I’m using HtmlUnit to programatically fill out and submit a web form in Java. Here’s my code:
WebClient client = new WebClient();
client.setThrowExceptionOnScriptError(false); // avoid JavaScript errors
client.setTimeout(120000); // 2 minutes
HtmlPage page;
// load the website
page = client.getPage("http://www.some-website.com");
// represent the page elements in Java objects
// input fields and checkboxes first, then...
HtmlSubmitInput submit = form.getInputByName("submitbutton");
// set "value" attributes of input fields and checkboxes...
// submit the page
System.out.println("Submitting... ");
page = submit.click();
System.out.println("Done!");
// return the resulting HTML for scraping
return page.asXml();
Now, in the submit.click() part, I keep getting the following Exception:
java.net.SocketTimeoutException: Timeout while fetching: http://www.some-website.com
I understand that’s because I’m trying to retrieve data from all the way back to 2002 and until today. Loading it from my browser, the whole process takes normally around six minutes or so, and about 24,200 rows of data are returned.

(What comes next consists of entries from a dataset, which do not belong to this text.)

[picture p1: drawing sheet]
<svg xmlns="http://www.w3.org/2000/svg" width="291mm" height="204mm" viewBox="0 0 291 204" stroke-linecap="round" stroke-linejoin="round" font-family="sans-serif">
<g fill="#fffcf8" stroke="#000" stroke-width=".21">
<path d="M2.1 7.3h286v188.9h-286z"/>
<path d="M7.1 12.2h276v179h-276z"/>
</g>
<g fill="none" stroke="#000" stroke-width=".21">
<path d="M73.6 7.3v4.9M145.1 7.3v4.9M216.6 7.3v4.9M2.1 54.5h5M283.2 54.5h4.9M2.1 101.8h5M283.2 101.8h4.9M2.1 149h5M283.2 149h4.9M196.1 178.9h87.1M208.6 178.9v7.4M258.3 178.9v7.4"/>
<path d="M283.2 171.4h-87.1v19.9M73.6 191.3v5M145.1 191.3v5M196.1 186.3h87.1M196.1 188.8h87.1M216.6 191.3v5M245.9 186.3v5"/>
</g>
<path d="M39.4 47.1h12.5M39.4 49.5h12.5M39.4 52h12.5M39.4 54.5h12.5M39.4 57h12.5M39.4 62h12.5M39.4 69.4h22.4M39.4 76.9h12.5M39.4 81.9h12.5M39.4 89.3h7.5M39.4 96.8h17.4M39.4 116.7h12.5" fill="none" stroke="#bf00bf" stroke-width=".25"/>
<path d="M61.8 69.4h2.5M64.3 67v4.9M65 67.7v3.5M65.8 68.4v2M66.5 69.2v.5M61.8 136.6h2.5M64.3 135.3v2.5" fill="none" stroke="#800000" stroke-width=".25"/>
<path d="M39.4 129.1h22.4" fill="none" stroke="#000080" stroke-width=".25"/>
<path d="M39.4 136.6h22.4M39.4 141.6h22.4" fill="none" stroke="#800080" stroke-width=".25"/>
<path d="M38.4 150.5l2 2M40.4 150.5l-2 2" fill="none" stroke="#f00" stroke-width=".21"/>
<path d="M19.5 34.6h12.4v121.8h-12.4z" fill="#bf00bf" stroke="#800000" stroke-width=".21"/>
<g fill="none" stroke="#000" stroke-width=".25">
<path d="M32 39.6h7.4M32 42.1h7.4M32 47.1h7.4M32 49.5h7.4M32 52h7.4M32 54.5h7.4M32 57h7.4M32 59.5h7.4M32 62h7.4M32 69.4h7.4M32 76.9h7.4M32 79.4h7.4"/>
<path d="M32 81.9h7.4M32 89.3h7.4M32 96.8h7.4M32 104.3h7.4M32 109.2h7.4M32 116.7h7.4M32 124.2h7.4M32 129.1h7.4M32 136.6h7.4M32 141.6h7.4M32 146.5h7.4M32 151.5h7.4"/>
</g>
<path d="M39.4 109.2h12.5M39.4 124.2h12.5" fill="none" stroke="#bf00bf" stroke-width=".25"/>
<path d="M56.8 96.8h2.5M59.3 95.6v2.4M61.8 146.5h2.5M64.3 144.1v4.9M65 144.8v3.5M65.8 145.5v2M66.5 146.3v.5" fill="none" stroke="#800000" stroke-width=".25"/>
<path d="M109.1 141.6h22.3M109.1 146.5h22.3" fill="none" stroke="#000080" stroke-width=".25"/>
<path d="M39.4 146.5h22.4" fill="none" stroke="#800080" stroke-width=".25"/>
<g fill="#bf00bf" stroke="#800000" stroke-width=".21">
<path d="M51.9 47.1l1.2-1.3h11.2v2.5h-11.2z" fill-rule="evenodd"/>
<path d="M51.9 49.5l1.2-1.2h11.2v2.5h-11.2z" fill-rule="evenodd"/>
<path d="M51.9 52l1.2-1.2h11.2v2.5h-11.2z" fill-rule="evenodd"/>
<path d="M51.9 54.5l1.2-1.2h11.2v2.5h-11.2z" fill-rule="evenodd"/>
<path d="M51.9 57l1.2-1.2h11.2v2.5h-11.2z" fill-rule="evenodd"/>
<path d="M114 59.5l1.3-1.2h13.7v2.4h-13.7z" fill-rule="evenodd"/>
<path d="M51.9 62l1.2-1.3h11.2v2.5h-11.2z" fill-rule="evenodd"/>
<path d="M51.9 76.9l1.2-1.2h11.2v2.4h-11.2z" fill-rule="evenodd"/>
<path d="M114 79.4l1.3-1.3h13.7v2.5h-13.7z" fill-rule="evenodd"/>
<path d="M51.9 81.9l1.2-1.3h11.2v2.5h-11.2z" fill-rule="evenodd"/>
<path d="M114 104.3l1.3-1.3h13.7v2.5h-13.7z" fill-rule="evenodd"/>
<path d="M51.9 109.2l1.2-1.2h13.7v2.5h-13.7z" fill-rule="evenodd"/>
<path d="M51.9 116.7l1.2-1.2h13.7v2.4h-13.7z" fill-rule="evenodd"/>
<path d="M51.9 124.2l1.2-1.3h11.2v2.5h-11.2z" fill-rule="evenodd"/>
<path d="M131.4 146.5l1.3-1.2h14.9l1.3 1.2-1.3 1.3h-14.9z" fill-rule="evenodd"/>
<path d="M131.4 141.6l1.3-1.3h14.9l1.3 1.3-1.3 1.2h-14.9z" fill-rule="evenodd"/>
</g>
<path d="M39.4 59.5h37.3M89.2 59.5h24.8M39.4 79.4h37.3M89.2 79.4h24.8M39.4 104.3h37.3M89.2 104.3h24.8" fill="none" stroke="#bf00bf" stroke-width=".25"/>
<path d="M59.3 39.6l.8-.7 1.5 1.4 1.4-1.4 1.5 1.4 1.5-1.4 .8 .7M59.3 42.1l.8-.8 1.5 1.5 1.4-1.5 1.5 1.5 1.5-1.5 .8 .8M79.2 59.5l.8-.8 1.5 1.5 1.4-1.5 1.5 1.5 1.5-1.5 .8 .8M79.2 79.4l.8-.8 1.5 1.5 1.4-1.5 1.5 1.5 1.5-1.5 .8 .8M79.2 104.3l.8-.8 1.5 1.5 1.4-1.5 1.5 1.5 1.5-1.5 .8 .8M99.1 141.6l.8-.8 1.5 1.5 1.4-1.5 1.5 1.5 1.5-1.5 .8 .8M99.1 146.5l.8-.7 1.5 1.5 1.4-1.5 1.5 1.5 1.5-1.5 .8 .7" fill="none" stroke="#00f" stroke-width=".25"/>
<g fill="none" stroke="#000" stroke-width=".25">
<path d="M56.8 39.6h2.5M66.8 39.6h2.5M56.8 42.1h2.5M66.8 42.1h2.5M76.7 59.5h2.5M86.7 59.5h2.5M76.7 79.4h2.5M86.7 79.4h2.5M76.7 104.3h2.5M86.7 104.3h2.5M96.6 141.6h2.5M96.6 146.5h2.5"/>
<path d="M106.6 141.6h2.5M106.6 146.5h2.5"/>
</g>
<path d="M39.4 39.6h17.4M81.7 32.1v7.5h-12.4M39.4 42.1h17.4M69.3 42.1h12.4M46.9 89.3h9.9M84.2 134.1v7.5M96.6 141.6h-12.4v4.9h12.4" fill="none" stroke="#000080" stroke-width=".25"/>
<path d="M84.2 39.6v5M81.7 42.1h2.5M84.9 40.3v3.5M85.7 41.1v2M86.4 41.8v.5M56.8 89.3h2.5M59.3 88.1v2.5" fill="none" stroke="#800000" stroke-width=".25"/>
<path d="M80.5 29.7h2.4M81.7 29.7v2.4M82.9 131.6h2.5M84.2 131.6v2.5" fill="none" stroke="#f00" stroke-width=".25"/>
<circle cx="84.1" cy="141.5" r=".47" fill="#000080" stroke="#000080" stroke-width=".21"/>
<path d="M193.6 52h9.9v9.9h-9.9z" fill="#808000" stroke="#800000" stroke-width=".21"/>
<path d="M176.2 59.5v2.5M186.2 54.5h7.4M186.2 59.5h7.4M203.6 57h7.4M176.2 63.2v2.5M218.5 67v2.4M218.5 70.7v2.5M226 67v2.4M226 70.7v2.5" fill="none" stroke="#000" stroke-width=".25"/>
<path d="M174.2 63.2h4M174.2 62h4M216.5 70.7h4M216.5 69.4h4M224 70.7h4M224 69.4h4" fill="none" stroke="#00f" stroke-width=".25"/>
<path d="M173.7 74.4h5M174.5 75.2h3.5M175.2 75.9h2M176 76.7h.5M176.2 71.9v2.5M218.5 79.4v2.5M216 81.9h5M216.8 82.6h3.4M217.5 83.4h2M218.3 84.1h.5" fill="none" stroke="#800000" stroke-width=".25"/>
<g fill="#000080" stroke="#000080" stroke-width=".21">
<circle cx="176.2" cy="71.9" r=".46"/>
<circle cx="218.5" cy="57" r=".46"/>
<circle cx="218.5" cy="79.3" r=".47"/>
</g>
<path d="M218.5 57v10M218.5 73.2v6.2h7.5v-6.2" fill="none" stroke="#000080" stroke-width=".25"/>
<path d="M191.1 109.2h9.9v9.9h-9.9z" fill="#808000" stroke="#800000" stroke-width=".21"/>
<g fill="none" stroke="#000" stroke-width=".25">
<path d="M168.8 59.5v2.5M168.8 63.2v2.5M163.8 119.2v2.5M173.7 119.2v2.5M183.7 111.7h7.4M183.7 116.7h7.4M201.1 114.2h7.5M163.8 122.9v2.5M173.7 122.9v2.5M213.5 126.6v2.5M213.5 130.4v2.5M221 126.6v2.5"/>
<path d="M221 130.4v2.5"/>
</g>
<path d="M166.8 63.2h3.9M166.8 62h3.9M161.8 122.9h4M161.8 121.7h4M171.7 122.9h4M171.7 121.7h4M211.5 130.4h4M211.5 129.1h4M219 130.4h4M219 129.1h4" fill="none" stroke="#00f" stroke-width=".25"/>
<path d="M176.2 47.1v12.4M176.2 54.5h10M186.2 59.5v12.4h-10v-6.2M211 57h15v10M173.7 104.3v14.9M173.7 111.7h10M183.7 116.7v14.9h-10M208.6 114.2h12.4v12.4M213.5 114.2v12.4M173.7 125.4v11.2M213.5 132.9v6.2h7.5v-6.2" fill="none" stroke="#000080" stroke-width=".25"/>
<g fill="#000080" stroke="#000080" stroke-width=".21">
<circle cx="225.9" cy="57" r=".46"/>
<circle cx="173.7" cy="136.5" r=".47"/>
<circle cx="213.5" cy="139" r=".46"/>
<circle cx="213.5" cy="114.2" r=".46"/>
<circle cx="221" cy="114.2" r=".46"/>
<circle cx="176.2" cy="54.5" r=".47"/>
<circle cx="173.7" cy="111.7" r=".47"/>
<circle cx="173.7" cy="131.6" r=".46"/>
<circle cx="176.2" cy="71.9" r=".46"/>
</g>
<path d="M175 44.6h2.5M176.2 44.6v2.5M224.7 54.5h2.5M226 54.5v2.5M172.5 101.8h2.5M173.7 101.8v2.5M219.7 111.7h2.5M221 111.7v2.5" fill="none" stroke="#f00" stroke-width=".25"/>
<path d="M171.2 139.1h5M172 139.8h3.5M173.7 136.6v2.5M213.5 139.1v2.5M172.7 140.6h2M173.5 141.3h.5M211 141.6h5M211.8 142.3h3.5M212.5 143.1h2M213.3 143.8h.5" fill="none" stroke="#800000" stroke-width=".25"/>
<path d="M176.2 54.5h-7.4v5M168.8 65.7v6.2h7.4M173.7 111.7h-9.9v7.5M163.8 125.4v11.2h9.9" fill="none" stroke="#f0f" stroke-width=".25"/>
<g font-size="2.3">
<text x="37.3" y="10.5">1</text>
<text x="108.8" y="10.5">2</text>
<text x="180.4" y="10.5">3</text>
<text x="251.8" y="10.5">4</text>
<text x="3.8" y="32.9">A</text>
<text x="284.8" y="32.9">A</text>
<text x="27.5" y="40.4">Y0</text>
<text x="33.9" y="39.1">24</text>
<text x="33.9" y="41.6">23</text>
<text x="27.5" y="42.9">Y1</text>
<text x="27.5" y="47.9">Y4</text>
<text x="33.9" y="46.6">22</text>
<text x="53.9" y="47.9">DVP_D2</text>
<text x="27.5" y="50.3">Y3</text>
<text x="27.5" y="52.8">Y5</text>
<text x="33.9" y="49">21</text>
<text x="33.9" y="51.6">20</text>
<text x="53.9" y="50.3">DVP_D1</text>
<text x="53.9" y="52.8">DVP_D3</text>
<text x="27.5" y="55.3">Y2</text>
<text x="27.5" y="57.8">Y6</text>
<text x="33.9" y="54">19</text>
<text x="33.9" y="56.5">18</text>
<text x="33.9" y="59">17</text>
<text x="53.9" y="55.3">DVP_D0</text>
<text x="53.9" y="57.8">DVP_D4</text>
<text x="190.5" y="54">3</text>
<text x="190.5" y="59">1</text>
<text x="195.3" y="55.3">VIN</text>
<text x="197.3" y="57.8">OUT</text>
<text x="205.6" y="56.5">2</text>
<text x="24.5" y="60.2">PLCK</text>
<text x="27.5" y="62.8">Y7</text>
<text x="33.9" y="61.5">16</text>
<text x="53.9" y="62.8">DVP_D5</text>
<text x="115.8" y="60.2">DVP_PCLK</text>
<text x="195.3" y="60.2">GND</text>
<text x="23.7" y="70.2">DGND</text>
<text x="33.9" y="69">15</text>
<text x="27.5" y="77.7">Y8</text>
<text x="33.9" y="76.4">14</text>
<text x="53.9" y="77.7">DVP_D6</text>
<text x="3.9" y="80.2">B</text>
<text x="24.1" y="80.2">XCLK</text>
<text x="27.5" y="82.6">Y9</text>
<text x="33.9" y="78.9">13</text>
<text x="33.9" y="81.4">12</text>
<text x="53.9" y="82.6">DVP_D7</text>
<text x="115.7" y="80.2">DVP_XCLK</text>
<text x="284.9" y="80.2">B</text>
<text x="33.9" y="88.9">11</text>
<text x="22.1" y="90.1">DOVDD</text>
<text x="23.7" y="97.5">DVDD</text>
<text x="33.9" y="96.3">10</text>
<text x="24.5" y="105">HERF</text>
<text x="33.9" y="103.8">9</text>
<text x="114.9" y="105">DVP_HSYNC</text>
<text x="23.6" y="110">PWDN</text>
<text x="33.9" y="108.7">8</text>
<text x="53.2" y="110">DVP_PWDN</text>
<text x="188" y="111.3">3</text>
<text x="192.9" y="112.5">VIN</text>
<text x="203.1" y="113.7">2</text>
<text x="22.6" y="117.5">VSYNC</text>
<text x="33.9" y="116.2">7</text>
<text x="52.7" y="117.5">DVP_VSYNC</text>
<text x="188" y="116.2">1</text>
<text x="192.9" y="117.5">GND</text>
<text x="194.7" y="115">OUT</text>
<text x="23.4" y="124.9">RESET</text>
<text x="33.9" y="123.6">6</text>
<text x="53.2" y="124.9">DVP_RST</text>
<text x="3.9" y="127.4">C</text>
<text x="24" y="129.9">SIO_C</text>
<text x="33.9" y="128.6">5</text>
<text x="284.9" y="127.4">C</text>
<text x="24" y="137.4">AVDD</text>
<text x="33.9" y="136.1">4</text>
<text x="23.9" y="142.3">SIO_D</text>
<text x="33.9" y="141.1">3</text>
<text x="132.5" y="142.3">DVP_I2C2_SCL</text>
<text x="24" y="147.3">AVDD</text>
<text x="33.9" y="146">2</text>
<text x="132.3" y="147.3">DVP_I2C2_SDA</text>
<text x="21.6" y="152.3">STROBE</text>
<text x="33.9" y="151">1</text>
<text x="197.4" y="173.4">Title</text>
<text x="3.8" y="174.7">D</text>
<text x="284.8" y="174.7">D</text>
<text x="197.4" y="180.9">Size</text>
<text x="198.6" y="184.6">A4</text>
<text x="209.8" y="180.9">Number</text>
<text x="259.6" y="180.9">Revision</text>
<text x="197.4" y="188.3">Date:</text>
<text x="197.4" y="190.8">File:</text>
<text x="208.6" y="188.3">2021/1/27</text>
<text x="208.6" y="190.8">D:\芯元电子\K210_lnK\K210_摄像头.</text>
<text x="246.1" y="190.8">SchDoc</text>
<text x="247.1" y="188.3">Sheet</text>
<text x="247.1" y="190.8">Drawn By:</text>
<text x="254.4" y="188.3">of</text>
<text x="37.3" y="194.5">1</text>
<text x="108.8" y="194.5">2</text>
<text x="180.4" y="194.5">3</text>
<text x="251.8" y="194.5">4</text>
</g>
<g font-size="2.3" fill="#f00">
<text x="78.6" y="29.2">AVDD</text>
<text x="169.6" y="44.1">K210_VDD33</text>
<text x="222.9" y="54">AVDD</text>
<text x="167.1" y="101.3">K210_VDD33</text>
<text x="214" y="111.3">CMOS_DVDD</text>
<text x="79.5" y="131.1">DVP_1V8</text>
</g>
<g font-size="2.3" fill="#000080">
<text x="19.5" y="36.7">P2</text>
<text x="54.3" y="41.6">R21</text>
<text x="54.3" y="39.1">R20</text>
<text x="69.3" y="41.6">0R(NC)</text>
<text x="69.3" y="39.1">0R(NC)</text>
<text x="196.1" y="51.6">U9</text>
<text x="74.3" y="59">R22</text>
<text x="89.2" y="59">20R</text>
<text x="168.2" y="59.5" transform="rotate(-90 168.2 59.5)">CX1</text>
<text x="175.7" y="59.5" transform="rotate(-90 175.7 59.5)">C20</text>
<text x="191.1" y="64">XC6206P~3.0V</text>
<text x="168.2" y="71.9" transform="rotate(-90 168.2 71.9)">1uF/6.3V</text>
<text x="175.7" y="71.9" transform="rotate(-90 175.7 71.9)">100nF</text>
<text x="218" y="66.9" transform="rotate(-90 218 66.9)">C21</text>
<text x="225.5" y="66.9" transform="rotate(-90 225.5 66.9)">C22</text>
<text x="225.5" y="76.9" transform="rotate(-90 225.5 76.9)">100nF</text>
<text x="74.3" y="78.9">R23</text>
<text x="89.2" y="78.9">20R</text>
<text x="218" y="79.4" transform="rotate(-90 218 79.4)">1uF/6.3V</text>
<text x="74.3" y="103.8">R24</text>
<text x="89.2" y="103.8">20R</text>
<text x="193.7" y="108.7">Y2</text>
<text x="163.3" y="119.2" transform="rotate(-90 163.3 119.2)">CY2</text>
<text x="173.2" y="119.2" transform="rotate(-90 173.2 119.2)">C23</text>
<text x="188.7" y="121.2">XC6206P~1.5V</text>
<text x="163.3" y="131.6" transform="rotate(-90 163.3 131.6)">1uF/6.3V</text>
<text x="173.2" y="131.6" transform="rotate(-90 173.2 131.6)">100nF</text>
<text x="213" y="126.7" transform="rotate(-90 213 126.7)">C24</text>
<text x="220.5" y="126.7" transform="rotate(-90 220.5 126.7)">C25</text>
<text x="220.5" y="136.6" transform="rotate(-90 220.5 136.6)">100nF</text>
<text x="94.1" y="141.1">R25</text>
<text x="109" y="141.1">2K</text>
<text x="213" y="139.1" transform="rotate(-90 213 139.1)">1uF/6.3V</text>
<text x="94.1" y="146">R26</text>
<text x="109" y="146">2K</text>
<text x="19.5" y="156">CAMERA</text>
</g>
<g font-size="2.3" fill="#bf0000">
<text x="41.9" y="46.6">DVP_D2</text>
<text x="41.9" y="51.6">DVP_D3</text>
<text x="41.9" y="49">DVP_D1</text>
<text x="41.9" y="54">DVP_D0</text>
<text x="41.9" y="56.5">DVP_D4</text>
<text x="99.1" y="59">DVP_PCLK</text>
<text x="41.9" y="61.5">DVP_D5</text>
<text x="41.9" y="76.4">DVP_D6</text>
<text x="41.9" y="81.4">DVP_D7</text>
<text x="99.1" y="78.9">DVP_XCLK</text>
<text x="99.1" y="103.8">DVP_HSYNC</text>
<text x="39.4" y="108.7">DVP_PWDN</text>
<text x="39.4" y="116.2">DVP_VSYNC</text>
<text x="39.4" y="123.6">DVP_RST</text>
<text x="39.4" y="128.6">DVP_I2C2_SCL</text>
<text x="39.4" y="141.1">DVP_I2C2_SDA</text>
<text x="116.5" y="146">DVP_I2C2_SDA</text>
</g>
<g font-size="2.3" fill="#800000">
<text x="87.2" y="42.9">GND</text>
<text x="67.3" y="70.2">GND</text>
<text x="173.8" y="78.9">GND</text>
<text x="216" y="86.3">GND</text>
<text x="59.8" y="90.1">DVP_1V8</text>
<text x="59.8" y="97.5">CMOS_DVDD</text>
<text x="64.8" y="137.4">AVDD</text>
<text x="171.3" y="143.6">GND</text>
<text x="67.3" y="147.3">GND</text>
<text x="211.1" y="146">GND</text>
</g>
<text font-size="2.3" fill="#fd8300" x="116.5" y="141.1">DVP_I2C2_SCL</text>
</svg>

I counted the time from when Submitting... is printed out and until the SocketTimeoutException is thrown, and in all cases, it’s always exactly one minute even though I set the client timeout to two minutes. Now, I know that that’s the timeout for initially loading the page (the client.getPage(...) call), so is there any way for me to set the timeout for the button click and make it wait more than one minute, maybe ten?
As of this writing, there is no known solution to this problem. What I ended up doing i make multiple automated requests on the page to receive the data in parts. Basically, I queried for 2002 first, then 2003, 2004, and so on.